We studied the broadband dielectric response of five MO monolayers (BeO, MgO, CaO, ZnO, and CdO) from ionic to electronic polarization using DFPT and GW₀ + BSE calculations. In the low-frequency regime, all monolayers exhibit a typical 2D polar feature that LO–TO degeneracy at the Γ point accompanied by a V-shaped nonanalytic LO phonon dispersion. With increasing metal atomic number, phonon softening is observed. Simultaneously, the Born effective charges increase from 1.97 e (Be) to 3.05 e (Cd).
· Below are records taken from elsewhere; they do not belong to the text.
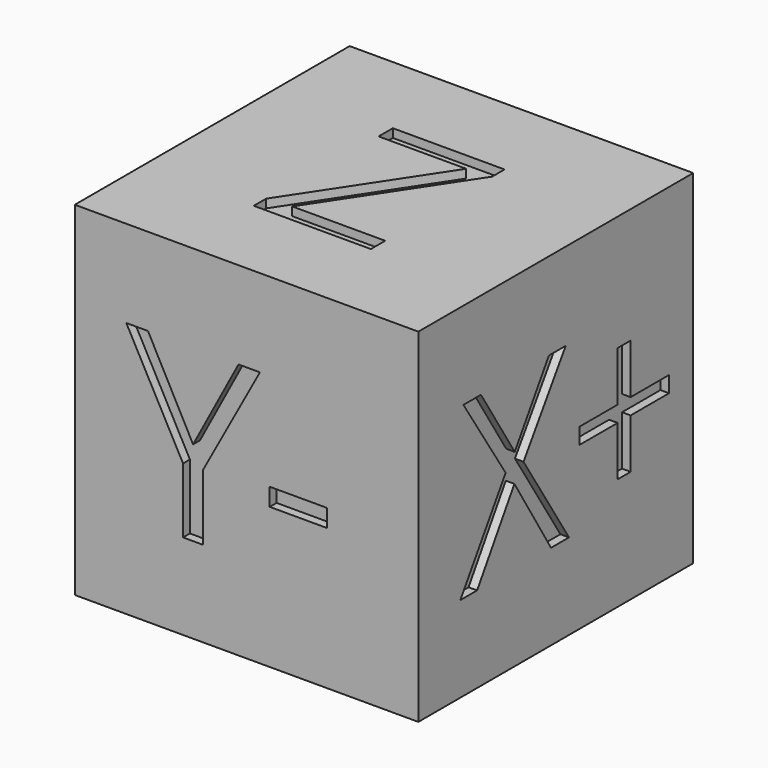
from build123d import *

# Parameters (mm, degrees)
F0_W          = 100
F0_H          = 100
F1_DEPTH      = 100
F2_TEXT_SIZE  = 69.4444444444
F3_DEPTH      = 2.5
F4_TEXT_SIZE  = 69.4444444444
F5_DEPTH      = 2.5
F6_TEXT_SIZE  = 69.4444444444
F7_DEPTH      = 2.5
F8_TEXT_SIZE  = 69.4444444444
F9_DEPTH      = 2.5
F10_TEXT_SIZE = 69.4444444444
F11_DEPTH     = 2.5


# Not quite as in the source:
# - Text() gives the source's letters only with a copy of the font that has no kerning and outlines rounded to 1/6400 em; it was checked with that copy


with BuildPart() as f1:
    # F0 (on Top) → F1 (new body)
    with BuildSketch(Plane.XY):
        with Locations((50, 50)):
            Rectangle(F0_W, F0_H)
    extrude(amount=F1_DEPTH)

    # F2 (on face) → F3 (cut)
    with BuildSketch(Plane.YZ.offset(100)):
        with Locations((15, 25)):
            Text('X+', F2_TEXT_SIZE, font='Open Sans', text_align=(TextAlign.LEFT, TextAlign.BOTTOM))
    extrude(amount=-F3_DEPTH, mode=Mode.SUBTRACT)

    # F4 (on face) → F5 (cut)
    with BuildSketch(Plane(origin=(0, 0, 0), x_dir=(0, -1, 0), z_dir=(-1, 0, 0))):
        with Locations((-85, 25)):
            Text('X-', F4_TEXT_SIZE, font='Open Sans', text_align=(TextAlign.LEFT, TextAlign.BOTTOM))
    extrude(amount=-F5_DEPTH, mode=Mode.SUBTRACT)

    # F6 (on face) → F7 (cut)
    with BuildSketch(Plane.XZ):
        with Locations((15, 25)):
            Text('Y-', F6_TEXT_SIZE, font='Open Sans', text_align=(TextAlign.LEFT, TextAlign.BOTTOM))
    extrude(amount=-F7_DEPTH, mode=Mode.SUBTRACT)

    # F8 (on face) → F9 (cut)
    with BuildSketch(Plane(origin=(0, 100, 0), x_dir=(-1, 0, 0), z_dir=(0, 1, 0))):
        with Locations((-85, 25)):
            Text('Y+', F8_TEXT_SIZE, font='Open Sans', text_align=(TextAlign.LEFT, TextAlign.BOTTOM))
    extrude(amount=-F9_DEPTH, mode=Mode.SUBTRACT)

    # F10 (on face) → F11 (cut)
    with BuildSketch(Plane.XY.offset(100)):
        with Locations((29.3185763889, 25)):
            Text('Z', F10_TEXT_SIZE, font='Open Sans', text_align=(TextAlign.LEFT, TextAlign.BOTTOM))
    extrude(amount=-F11_DEPTH, mode=Mode.SUBTRACT)


solid = f1.part

This trend originates from the evolving d-orbital hybridization: negligible p–d interaction in Be/Mg, significant participation of low-lying unoccupied 3d states in Ca, and strong p–d hybridization from filled d¹⁰ configurations in Zn and Cd. This cooperative interplay between phonon softening, reduced mass, and unit cell area, coupled with enhanced dynamical charge transfer, strengthens the ionic contribution across the series. In the high-frequency regime, the GW₀ quasiparticle band gap decreases from 8.5 eV (BeO) to 2.4 eV (CdO), driving a pronounced redshift of the optical dielectric function from the deep-ultraviolet to the near-infrared. CdO exhibits the strongest electronic polarization among five monolayers, manifested in its highest optical dielectric constant (2.68, roughly twice that of others) and largest static refractive index (1.64), arising from the combined large spectral weight and high intensity of its lowest-energy excitonic resonance. Interestingly, the dominant peak intensity in ${\epsilon }_1(\omega )$ and ${\epsilon }_2(\omega )$ exhibits opposite trends between the two groups: it decreases monotonically across Group IIA due to reduced M–O orbital overlap, whereas within Group IIB, CdO surpasses ZnO owing to stronger p–d repulsion. These results establish a complete broadband dielectric spectrum for 2D MO monolayers, offering theoretical guidance for polarization engineering and the rational design of 2D ferroelectric devices.